Tuesday, March 24, 2020

US eliminated key CDC position in China prior to coronavirus outbreak

SCREEN CAPTURE / NBC
CDC director Robert Redfield and Donald Trump.

ASAM NEWS


The White House this summer eliminated a key US position that could have alerted the US of the coronavirus outbreak in China, Reuters exclusively reported Sunday.
The Centers for Disease Control had embedded the American medical epidemiologist in China’s disease control agency to train others to help track, investigate and contain diseases.

“If someone had been there, public health officials and governments across the world could have moved much faster,” said Bao-Ping Zhu, a Chinese American who worked in that position from 2007 to 2011.

Linda Quick, the last person in that role, left the position in July.

Zhu said Quick could have provided real-time information to US officials early in the outbreak, because China wa trying to hide information about the virus at the time. The CDC said it first learned of the virus on Dec. 31. but it did not warn the public about the virus until Feb. 25.

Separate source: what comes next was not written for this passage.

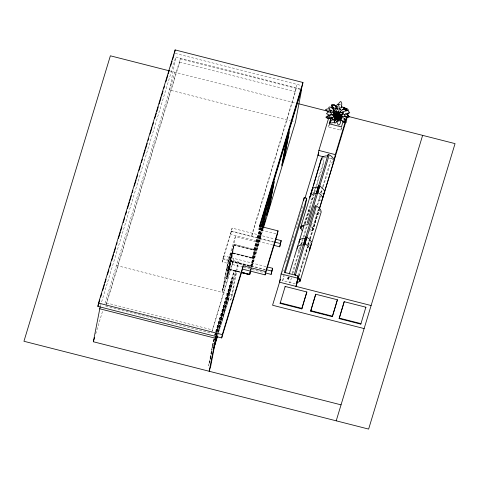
<?xml version="1.0" encoding="UTF-8"?>
<svg xmlns="http://www.w3.org/2000/svg" width="479" height="479" viewBox="0 0 479 479"><rect width="100%" height="100%" fill="white"/><g stroke="black" fill="none" stroke-linecap="round" stroke-linejoin="round"><path stroke-width="0.36" stroke-dasharray="2.4 1.8" d="M336.144 119.067L335.977 120.588L335.504 120.403M106.134 304.219L180.29 58.797L301.171 89.597M300.255 88.711L175.781 57.001L169.542 90.016L290.4 120.804M105.979 305.482L179.667 62.096L180.29 58.797M243.104 267.24L222.244 261.929L222.873 258.624L232.105 228.112L274.431 238.895M211.658 332.486L233.794 258.391M222.244 261.929L231.483 231.417L232.105 228.112M233.86 244.494L254.427 249.733L255.936 241.751L235.369 236.512L233.86 244.494L227.699 264.833L222.969 289.867L222.549 289.759L227.28 264.725L230.746 253.283L231.585 253.499L226.854 278.533L226.016 278.317L230.746 253.283M235.369 236.512L228.435 259.396L222.202 292.412L229.13 269.527M213.61 339.228L208.622 365.639L210.772 358.526M210.239 358.999L211.898 351.909M211.245 353.658L212.179 348.706M214.335 337.306L213.532 341.551L214.394 338.707M227.148 271.03L228.19 266.48L227.866 269.503L227.148 271.03L228.19 266.48M226.866 276.712L231.986 253.996L232.405 254.104L230.95 261.803L228.651 269.599L227.286 276.82L226.866 276.712L229.058 269.467L230.423 262.247L230.842 262.354L229.477 269.575L227.286 276.82M229.788 261.241L228.333 268.941L228.752 269.048L230.207 261.348L232.507 253.553L233.962 245.847L233.542 245.745L232.087 253.445L229.788 261.241L230.207 261.348M228.363 269.599L228.842 269.719L228.363 269.599L228.872 267.851L228.052 267.953M226.854 278.533L229.597 269.473L234.177 245.146L254.319 250.283L252.864 257.983L232.716 252.852L252.253 257.624L252.146 258.169L232.674 253.211M234.339 244.41L234.231 244.955L253.708 249.918L253.81 249.367L234.339 244.41L231.585 253.499M232.321 264.492L232.944 261.193M229.339 293.902L230.273 288.951M228.633 299.525L234.039 270.916L236.141 271.449L230.734 300.064L228.633 299.525L217.658 335.779M230.734 300.064L232.273 294.974L238.512 261.965L228.435 259.396M231.106 261.492L250.577 266.456L250.685 265.905L231.159 261.103M250.541 270.288L250.804 268.887M261.869 228.459L252.762 258.534L251.307 266.234L261.498 232.578L262.288 228.375M275.976 233.812L258.834 229.447L259.456 226.142M251.05 270.192L259.935 240.835L259.253 240.949L261.869 228.273M250.577 266.456L260.827 232.411L261.498 232.578M262.205 230.189L261.785 230.082L262.193 227.932M259.935 240.835L261.39 233.129L260.72 232.956M262.612 228.034L261.911 231.375L262.941 227.968M296.136 88.31L252.253 233.249L251.631 236.548L295.513 91.615L296.758 85.011M295.274 283.802L282.736 280.61L283.778 275.108M341.671 127.432L340.826 130.21L328.576 127.091L328.953 125.109M340.826 130.21L341.329 127.57M228.842 269.719L229.351 267.971L229.261 268.42L228.788 268.294M337.611 106.182L337.306 109.463L337.893 109.673M100.434 305.871L175.781 57.001M95.71 333.899L102.614 311.087M104.991 303.243L174.919 72.251M228.429 266.54L227.711 268.066M229.351 268.048C228.465 267.27 229.064 269.408 227.974 268.366L228.058 268.09M222.549 289.759L226.016 278.317M228.884 269.497L229.172 268.563L228.693 268.444M212.185 331.001L233.165 261.696M214.454 335.605L234.039 270.916M214.903 334.965L215.766 332.121M215.975 331.408L233.626 273.12M214.897 335.174L215.76 332.33M215.975 331.618L232.56 276.844L231.626 281.796L216.334 332.306M215.472 335.15L216.119 333.013M212.466 345.281L214.406 338.881M215.478 335.33L232.483 279.167M214.4 339.096L212.389 347.604L213.251 344.76M215.478 335.539L215.909 334.114M216.125 333.402L231.417 282.897L230.483 287.849L217.131 331.953M216.053 335.51L216.915 332.666M211.323 351.335L213.263 344.934M216.274 335.186L231.339 285.221M216.28 335.402L238.512 261.965M210.179 357.382L211.892 351.52M216.34 336.851L236.141 271.449M216.855 335.551L217.717 332.701M217.927 331.995L229.13 295.004L228.196 299.956L218.502 331.965M210.317 358.999L211.395 355.442M217.209 336.234L217.64 334.809M209.036 363.435L211.407 355.616M218.508 332.157L229.052 297.327M258.834 229.447L259.696 226.591M255.936 241.751L260.313 227.28M253.756 249.559L260.492 227.297M253.648 250.11L260.39 227.848M254.427 249.733L261.145 227.531M254.319 250.283L261.259 227.363M252.194 257.81L261.306 227.717M252.092 258.361L261.42 227.555M252.864 257.983L261.971 227.908M250.637 266.067L260.827 232.411M261.785 230.082L262.414 228.016M251.206 266.785L261.39 233.129M250.409 270.168L259.307 240.674M250.619 270.222L263.366 228.106M282.568 272.216L283.43 269.366M285.586 262.235L293.573 235.86M295.735 228.728L302.638 205.916M328.576 127.091L329.205 125.007M282.736 280.61L284.245 275.629M288.4 276.826L287.538 279.676L288.136 276.856M304.357 223.585L308.452 210.047L309.081 208.862L310.392 207.916M304.404 224.274L313.116 195.252M313.332 194.546L315.038 188.9M314.026 192.576L315.733 186.93M315.948 186.223L324.708 157.292M291.495 277.706L290.005 282.646C288.268 281.311 288.029 278.946 289.041 277.078M299.297 243.206L299.722 241.793L299.83 243.11L300.614 244.529M305.183 223.645L313.943 194.713M305.333 223.591L309.751 209.748M314.422 193.45L312.29 200.503L310.793 198.372M314.637 192.744L323.612 163.105L322.116 160.968M292.172 273.305L302.213 240.141M300.98 244.524L302.908 238.171M303.117 237.464L306.752 225.471M292.783 273.473L301.111 245.955M301.59 244.691L299.459 251.744L297.962 249.613L297.854 248.29M301.806 243.985L303.087 239.751M303.943 236.925L307.362 225.639M316.823 205.581L319.816 195.701M320.673 192.875L321.954 188.642M320.726 193.025L322.433 187.379M322.648 186.672L331.408 157.741M310.386 229.034L309.53 231.854L311.661 230.644L312.23 229.495L318.427 209.036M311.452 225.507L312.733 221.268M314.871 214.215L315.302 212.802M317.649 205.042L320.427 195.869M320.265 196.719L318.984 200.952L321.116 199.743M321.337 193.193L322.403 189.666M323.259 186.84L330.306 163.555L332.438 162.339L333.013 161.195M343.341 120.66L343.766 119.271M298.441 275.168L306.985 246.942M307.841 244.116L308.907 240.59M307.68 244.973L309.392 239.326M309.602 238.62L318.577 208.982M298.836 276.042L307.596 247.11M308.075 245.847L306.153 252.194L307.871 251.283M308.29 245.14L310.003 239.494M310.212 238.787L319.026 209.694M312.775 230.357L319.104 209.808M299.052 276.281L308.159 246.212M308.374 245.493L310.111 239.763M310.326 239.051L319.212 209.694M305.812 259.57L306.668 256.744M337.683 105.829L336.851 108.14L337.839 109.889M322.008 159.651L322.583 158.507L323.804 157.603M288.4 279.191L288.975 278.048L290.196 277.143M287.49 278.994L288.993 277.173M336.982 109.805L337.593 108.949M340.024 109.859L340.797 108.835M340.192 109.589L341.018 108.691M335.737 120.109L336.03 119.81M339.898 110.044L340.952 109.194M321.756 194.151L322.571 193.546M319.607 213.58L317.475 214.796M308.925 245.392L310.152 244.482M345.221 111.817L346.437 111.391M339.03 104.452L340.024 104.212M338.725 104.608L340.713 104.847M335.953 120.223L336.468 120.247M175.242 53.403L300.884 85.412M179.667 62.096L295.513 91.615M336.288 108.176L341.293 109.452M169.841 70.958L295.639 103.009M291.124 120.989L294.741 121.911M325.091 157.202L326.522 157.567M329.378 158.298L332.24 159.022M273.551 241.799L231.231 231.016L230.609 234.315L272.575 245.008M231.483 231.417L273.449 242.111M232.614 253.403L252.762 258.534M232.087 253.445L232.507 253.553M266.043 266.611L223.717 255.828L223.094 259.127L265.504 269.928M222.873 258.624L265.192 269.408M231.058 261.654L249.81 266.432M230.525 261.696L230.95 261.803M243.823 267.426L264.653 272.731M227.28 264.725L227.699 264.833M228.782 268.144L229.261 268.27M239.769 271.779L229.603 269.354L240.446 272.12M229.597 269.473L240.44 272.234M229.058 269.467L240.117 272.323M228.232 269.491L228.651 269.599M116.427 265.462L232.273 294.974M106.386 302.902L212.161 329.845M105.763 306.201L211.532 333.15M335.881 119.84L336.348 120.031M331.163 115.613L331.66 115.942M336.539 107.368L337.785 109.146M335.534 119.888L335.905 120.187M337.713 109.446L336.498 107.739M335.486 120.534L335.809 120.995L335.605 119.181M335.474 119.84L335.851 120.445L335.18 119.642M312.074 226.878L312.925 228.375L313.062 229.758M332.115 158.459L332.899 159.878M312.661 191.869L313.182 192.815M319.283 209.7L320.068 211.119L320.182 212.436M311.338 226.759L312.122 228.178L312.23 229.495M336.486 107.41L336.947 108.865M335.258 118.738L335.563 120.75L335.36 119.69M336.713 107.781L336.988 109.2M336.563 108.236L336.665 109.002M309.177 210.892L309.284 212.209M310.614 242.021L310.727 243.338M308.452 210.047L308.5 210.736M228.136 267.671L227.974 268.366M231.351 252.984L229.896 260.69L230.315 260.798L231.77 253.092L231.351 252.984M228.693 268.521L229.172 268.713L228.693 268.521"/><path stroke-width="0.72" d="M341.737 106.961L341.743 106.021M336.917 115.577L337.06 113.092L338.354 113.978L339.976 112.17M334.749 116.122L334.324 116.325L334.899 118.582L337.27 117.589M340.587 112.613L340.671 111.445M335.761 118.924L335.857 117.439M335.33 109.014L336.294 105.775L337.671 104.141C339.455 104.59 339.737 109.996 338.24 112.002M336.324 117.337L336.976 114.966L337.438 115.337L336.432 118.337M334.611 118.846L334.348 121.229L334.935 123.265L338.096 120.445L338.521 119.576L337.306 118.816L336.569 119.037L336.737 117.816M336.743 116.134L336.551 112.086M336.144 119.008L336.33 117.792M336.444 116.786L336.695 112.697L336.719 113.188M336.252 117.373L336.503 115.924L335.821 114.247M332.761 106.368L332.719 108.823M336.486 116.996L336.803 114.2M337.084 116.864L337.348 115.451M336.144 119.067L336.408 117.654M242.53 269.114L265.091 274.862L265.713 271.557L243.152 265.809L242.53 269.114L221.693 337.923L97.872 306.38L98.494 303.075L175.14 49.918L302.95 82.478L302.327 85.783L259.696 226.591M341.042 404.851L93.333 341.743L100.219 306.584M174.518 53.217L175.14 49.918M216.065 336.114L209.179 371.255L210.718 366.172L216.125 337.563M221.693 337.923L222.316 334.623L243.152 265.809M249.116 274.443L241.937 272.329M241.165 272.306L249.745 274.491L250.409 270.988M265.156 210.892L265.701 207.988L301.704 89.082L295.465 122.091L263.588 227.393M262.558 226.98L262.953 224.879L262.534 224.771M262.187 227.19L264.51 216.622L264.091 216.514M261.36 226.812L264.618 216.071L266.12 208.096L265.701 207.988M262.749 227.321L266.677 206.527L269.18 198.264M264.707 221.921L269.473 197.079L266.587 206.617M267.019 214.293L271.491 190.636L273.988 182.373L269.521 206.03M282.029 164.716L286.496 141.06L288.999 132.797L284.532 156.453M302.95 82.478L259.456 226.142L278.03 230.878L277.407 234.177L265.091 274.862M265.372 272.916L271.12 274.377L272.593 268.276L267.474 266.977M272.593 268.276L271.12 274.377M273.994 245.368L279.688 246.823L281.191 240.62L275.862 239.261M281.191 240.62L279.688 246.823M285.107 272.779L305.159 206.557L306.716 198.306L304.201 197.665L281.101 273.946L279.544 282.197L371.111 305.524M280.119 303.381L280.215 302.866L301.884 308.386L301.788 308.901L280.119 303.381L285.185 286.454L306.853 291.974L301.788 308.901M285.089 286.975L285.185 286.454M303.68 200.414L304.201 197.665M328.768 117.738L318.876 150.43L317.936 155.382L323.66 156.837M306.716 198.306L284.298 272.359L298.225 275.904L295.992 286.388L297.1 282.73M296.669 284.161L298.225 275.904M334.39 159.573L335.324 154.621L345.221 121.929M310.655 311.158L315.721 294.238L337.39 299.758L337.294 300.273L332.324 316.679L310.655 311.158L315.721 294.238M347.646 115.517L348.179 112.685M332.324 316.679L337.39 299.758M365.872 307.213L360.807 324.133L339.138 318.613L344.203 301.692L365.872 307.213L365.776 307.728M344.203 301.692L339.138 318.613M360.807 324.133L360.909 323.618L339.24 318.098M336.474 117.068L336.893 114.888L338.108 113.104L338.743 113.134L338.054 114.17M336.976 116.906L337.222 115.667M337.348 115.924L337.114 117.05L337.372 115.948L338.683 114.176L336.965 116.253L336.498 118.427M338.425 117.247C339.228 116.601 340.994 116.373 341.276 117.618L340.306 120.582L338.408 118.253L337.246 117.732L337.366 115.481M336.929 117.092L337.3 115.643M337.617 116.625L338.551 113.206M337.617 116.193L338.425 113.457M97.872 306.38L99.824 299.944M100.686 297.082L101.77 293.507M102.638 290.645L104.584 284.209M105.021 282.778L106.098 279.203M107.398 274.91L108.913 269.905M109.781 267.048L110.865 263.468M111.727 260.612L113.679 254.175M114.11 252.744L115.625 247.739M116.493 244.877L117.139 242.733M118.439 238.44L120.391 232.004M120.822 230.573L121.906 226.998M123.205 222.705L124.72 217.7M125.588 214.843L126.672 211.263M127.534 208.407L129.486 201.97M129.917 200.539L131.432 195.534M132.3 192.672L132.946 190.528M134.246 186.235L136.198 179.799M136.629 178.368L137.713 174.793M139.012 170.5L140.527 165.494M141.389 162.638L142.473 159.058M143.341 156.202L145.287 149.765M145.724 148.334L147.239 143.329M148.101 140.467L148.753 138.323M150.053 134.03L151.999 127.594M152.436 126.163L153.514 122.588M154.813 118.295L156.328 113.289M156.765 111.858L158.28 106.853M159.148 103.997L161.094 97.56M161.525 96.129L163.04 91.124M163.908 88.262L164.56 86.118M165.86 81.825L167.806 75.389M168.237 73.958L169.321 70.383M170.62 66.09L172.135 61.084M172.566 59.653L174.087 54.648M93.333 341.743L94.626 337.467M215.346 340.324L216.412 336.581M215.346 340.527L216.64 336.258M214.412 345.479L217.209 336.234M213.772 347.796L217.215 336.426M213.353 349.999L217.442 336.492M260.528 226.567L266.12 208.096M261.474 226.651L264.51 216.622M262.3 227.022L262.953 224.879M263.043 227.435L264.797 221.837M249.757 273.072L250.403 270.934M249.745 274.491L250.834 270.91M265.713 271.557L278.03 230.878M280.407 279.347L272.569 305.243L364.136 328.57M305.009 198.084L318.798 152.538M330.881 118.235L329.199 123.786L341.449 126.911L343.132 121.355M329.42 124.312L331.097 118.756M310.482 195.378L313.721 193.791L317.541 193.51L328.977 155.747L325.151 156.034L323.223 156.675L321.912 157.621L321.283 158.806L309.901 197.252L310.548 195.115M311.584 191.39L300.369 228.435L300.944 226.561L302.261 225.615L304.183 224.974L308.009 224.687L319.439 186.93M310.979 193.69L312.919 187.277M313.35 185.852L321.116 160.208M289.262 273.976L293.789 259.013M294.22 257.588L298.752 242.631M299.01 242.081L303.973 225.699M307.183 223.238L318.613 185.481L321.99 187.6L324.355 190.612M303.896 243.26L315.326 205.503C317.87 206.868 321.158 208.772 321.205 212.023L309.482 250.379L309.775 249.781C309.835 247.02 307.213 245.29 305.171 243.919M295.393 275.215L306.608 238.171L302.788 238.452L300.86 239.099L299.549 240.039L298.968 241.919M345.646 120.51L346.724 116.96M347.371 114.828L347.802 113.403M298.411 277.449L296.699 283.095L298.83 281.886L299.405 280.736L299.291 279.419L297.8 277.281M319.242 208.982L324.493 192.001M297.968 279.862L298.621 277.712M319.427 208.976L347.293 116.936M311.374 243.841L299.944 281.598L300.094 279.616L297.722 276.599M301.884 308.386L306.853 291.974M336.21 420.819L422.628 135.365M338.791 112.984L339.413 113.739L337.503 118.828M341.443 107.452L341.814 103.793L341.078 101.746C340.695 100.728 338.443 103.608 338.162 104.494M336.533 118.936L336.941 117.714M337.473 114.427L337.893 113.188M337.695 114.319L338.3 112.607M337.282 118.505L339.072 113.23L339.413 113.739M340.312 116.044L341.234 114.774M336.857 118.894L337.366 117.654M344.179 109.679L345.03 107.937L343.437 107.919M338.3 116.822L339.198 114.876M338.288 117.139L339.88 114.17M338.91 118.259L337.917 120.217L338.94 117.84M334.402 119.415L334.085 120.031L334.809 120.271M333.252 112.074L333.869 111.26M342.623 116.343L342.808 116.002M330.606 115.164L330.133 115.068C327.636 115.499 324.582 120.211 329.552 117.996L331.414 118.103L332.204 117.589M337.988 118.9L338.575 117.834M338.509 116.804L339.713 114.655M335.893 111.577L336.072 117.93M338.761 117.11L339.719 115.577M337.503 118.942L338.18 117.87M346.293 109.751L346.982 108.781L344.126 108.086M337.485 116.421L338.461 114.9M339.072 116.451L340.629 114.224M340.27 111.763L340.85 110.948M337.791 116.654L339.629 114.756M337.994 119.582L338.761 118.576M339.33 117.343L340.108 116.349M337.755 119.738L338.875 118.301M339.168 109.194L340.066 108.074L342.317 106.985L344.904 107.805L339.779 111.864M339.874 117.115L340.838 115.972M340.88 115.355L341.701 114.385M341.323 115.427L342.778 113.798L342.754 112.607M342.078 113.966L342.826 113.14L342.826 113.978M341.707 107.428L342.018 107.278M340.563 115.331L341.156 115.08L340.329 116.786L338.575 115.661L337.479 115.667L338.473 116.14L339.725 115.481M340.785 118.469L342.251 117.583M335.959 111.541L335.378 112.02L333.27 108.499M341.701 112.924L342.928 111.667M334.809 121.618L334.294 122.079C330.486 123.72 328.552 123.594 332.198 119.576M337.144 117.098L338.827 116.014L337.623 117.038M342.126 118.073L340.886 117.708L341.862 117.068L340.773 117.529M338.108 119.391L339.084 118.6M347.82 110.493C349.826 109.673 345.389 107.739 344.257 108.505M338.881 117.008L339.605 116.445M339.06 116.918L340.156 116.08M336.108 114.032L336.887 115.595M341.186 119.564L340.826 119.816L342.946 121.337M342.647 116.187L341.467 117.403M340.653 117.313L342.455 116.128M339.928 116.122L339.515 116.403L345.449 116.535L344.479 114.445L343.054 113.96L342.275 114.283M337.066 113.212L336.09 113.954M338.006 119.163L338.851 118.6M340.707 117.732L342.509 116.577M337.94 119.325L339.371 118.421M340.934 116.684L341.814 116.157M340.767 117.086L342.305 116.211M344.215 114.523L349.742 112.81L347.808 110.32L345.12 109.907M342.311 112.864L343.371 112.367M342.257 109.589L344.599 108.996L346.562 110.122L342.192 112.451M340.797 118.367L341.174 118.235M303.931 225.591L301.806 226.806L301.231 227.95L301.339 229.273L302.123 230.686M337.491 114.912L338.33 114.511C341.162 114.882 345.599 114.002 341.042 112.361L337.94 114.661M346.119 117.187L347.856 116.846M328.588 115.69C327.522 115.595 324.175 117.888 326.971 117.571M338.276 119.66L339.862 119.313M327.881 117.924L331.312 118.72L331.893 118.265L331.761 117.511L332.654 117.828M338.036 119.864L340.737 119.505M348.634 116.613L349.137 116.535L347.988 115.535M335.264 114.409L335.839 114.325M318.044 186.906L313.691 187.858L312.38 188.798L311.799 190.678M345.676 116.894L349.035 117.391L347.808 114.876L345.587 113.757M337.755 116.876L336.599 117.205L336.982 117.241M338.012 120.906L339.575 120.756L340.359 121.193L340.629 122.331C339.222 126.612 337.809 125.516 336.809 121.522L337.144 120.786L338.581 120.894L338.012 120.558M314.745 206.964L316.146 206.988L304.716 244.751L300.89 245.032L298.962 245.673L297.651 246.619L297.07 248.493M342.401 112.355L342.934 112.793M333.378 104.859L331.546 104.805L331.229 107.284L331.612 108.026M329.301 109.098C328.486 108.2 323.75 109.817 326.337 110.152L328.235 111.978M169.117 70.778L110.374 55.809L23.95 341.27L368.626 429.082L455.05 143.622L348.233 116.409M298.531 103.745L328.169 111.296M338.036 113.792L339.479 114.158M318.876 150.43L335.324 154.621M264.198 215.969L264.618 216.071M262.636 224.22L263.055 224.328M274.988 242.164L280.311 243.518M266.629 269.773L271.743 271.078M281.101 273.946L297.555 278.137M241.165 272.419L249.325 274.497L241.524 272.683M310.751 310.643L332.42 316.164M98.494 303.075L222.316 334.623M99.572 308.733L215.418 338.246M331.66 110.841C329.157 110.002 326.798 110.757 330.39 112.589L333.115 115.457L333.731 115.373L333.983 113.493L333.109 111.996M336.605 117.127L335.551 116.451M344.132 118.642L346.79 119.528L346.191 117.115L344.611 115.858M343.335 117.72L344.437 118.618L344.605 119.684L344.096 122.863L340.425 119.301M333.653 116.295L334.42 116.625M335.539 118.385L336.569 119.037M295.633 275.138L294.351 274.479L305.782 236.722L309.159 238.841L311.524 241.853M343.844 121.612L346.221 122.54L345.76 120.259L344.311 118.636M336.498 118.78L336.994 119.061L335.953 118.624M335.096 118.313L332.133 117.277L329.001 117.032C329.36 115.714 330.127 114.152 331.761 114.355L333.486 115.475L334.204 116.828M336.881 113.002L337.551 113.427M329.887 115.349L326.433 113.673L328.923 111.487M335.767 111.655L336.444 112.086M334.54 120.337L333.378 119.421M333.288 111.26L334.132 112.014M335.366 114.277L335.617 114.715L335.072 113.9C334.432 111.751 328.319 113.23 330.923 110.871L332.899 111.146L334.552 113.397M335.899 106.482L334.408 105.182L331.977 105.027C331.594 105.368 333.707 108.29 333.282 109.721L334.091 112.727M334.659 115.918L333.779 114.439L334.713 115.469M330.732 110.978L329.283 108.607C326.564 105.17 334.516 107.757 333.689 110.661M336.204 114.146L336.917 115.152L338.443 115.792L338.144 115.283C337.108 113.631 332.839 115.828 334.031 113.248L334.51 112.9L335.3 113.266M335.677 106.033L334.282 104.913L333.582 104.949M333.42 111.2L334.108 112.104M333.156 115.684L333.839 116.708M333.594 115.69L334.168 116.601M336.21 106.757C336.024 106.2 334.258 104.32 334.168 105.152M333.546 115.05L334.222 116.379M333.683 114.529L334.707 116.762M334.522 116.894L333.887 114.93M338.354 111.332L338.569 112.278M332.21 117.816L332.803 120.331L335.647 118.558L336.276 117.864L336.12 117.391M335.689 117.523L336.048 118.624M334.282 114.259L334.593 115.445M335.025 114.343L335.354 116.708M334.749 114.547L335.156 116.385M336.234 117.744L336.426 118.78M335.336 114.05L335.647 116.11M337.144 112.116L337.479 114.738M335.809 113.918L336.019 116.008M334.971 115.05L335.09 116.361M335.773 114.289L335.953 116.786M321.283 158.806L321.331 159.495M338.473 111.547L338.497 112.038M336.863 117.846L336.899 119.247M335.893 114.343L335.935 116.948M336.276 113.038L336.294 114.349M336.3 115.02L336.306 117.02M336.725 111.619L336.845 113.475L336.438 113.391C337.3 111.086 329.408 107.524 333.468 107.47L335.755 109.104L336.725 111.619M271.401 190.72L266.719 215.478L269.611 205.946L274.287 181.188L271.401 190.72M286.412 141.143L281.73 165.902L284.616 156.37L289.298 131.611L286.412 141.143M328.157 154.262L316.727 192.019C319.271 193.384 322.553 195.294 322.606 198.54L322.313 199.138L334.037 160.782C333.983 157.531 330.702 155.627 328.157 154.262M336.845 111.835L337.024 112.822L338.162 113.313L340.641 112.571C341.317 109.895 338.719 114.936 337.539 111.733L336.845 111.835"/></g></svg>

Speaking Sunday during a news conference, Trump defended his budget.

“We actually gave CDC more money, not less money. They said we defunded. It turned out it was more money,” Trump said. “Everyone of those things that were said were 100 percent wrong.”

Democrats first brought up those budget cuts back in February. An ABC analysis found both sides of the debate are correct.

Trump has called for budget cuts at CDC every year, but Congress has passed spending bills every year to actually increase the budget.

“Budgets are like the first move in a chess game with, I’ll be honest, a fairly profligate Congress,” Health and Human Services Secretary Alex Azar said to ABC. “And the president starts that move with a budget knowing that we’re going to get a lot higher there as we work with Congress.”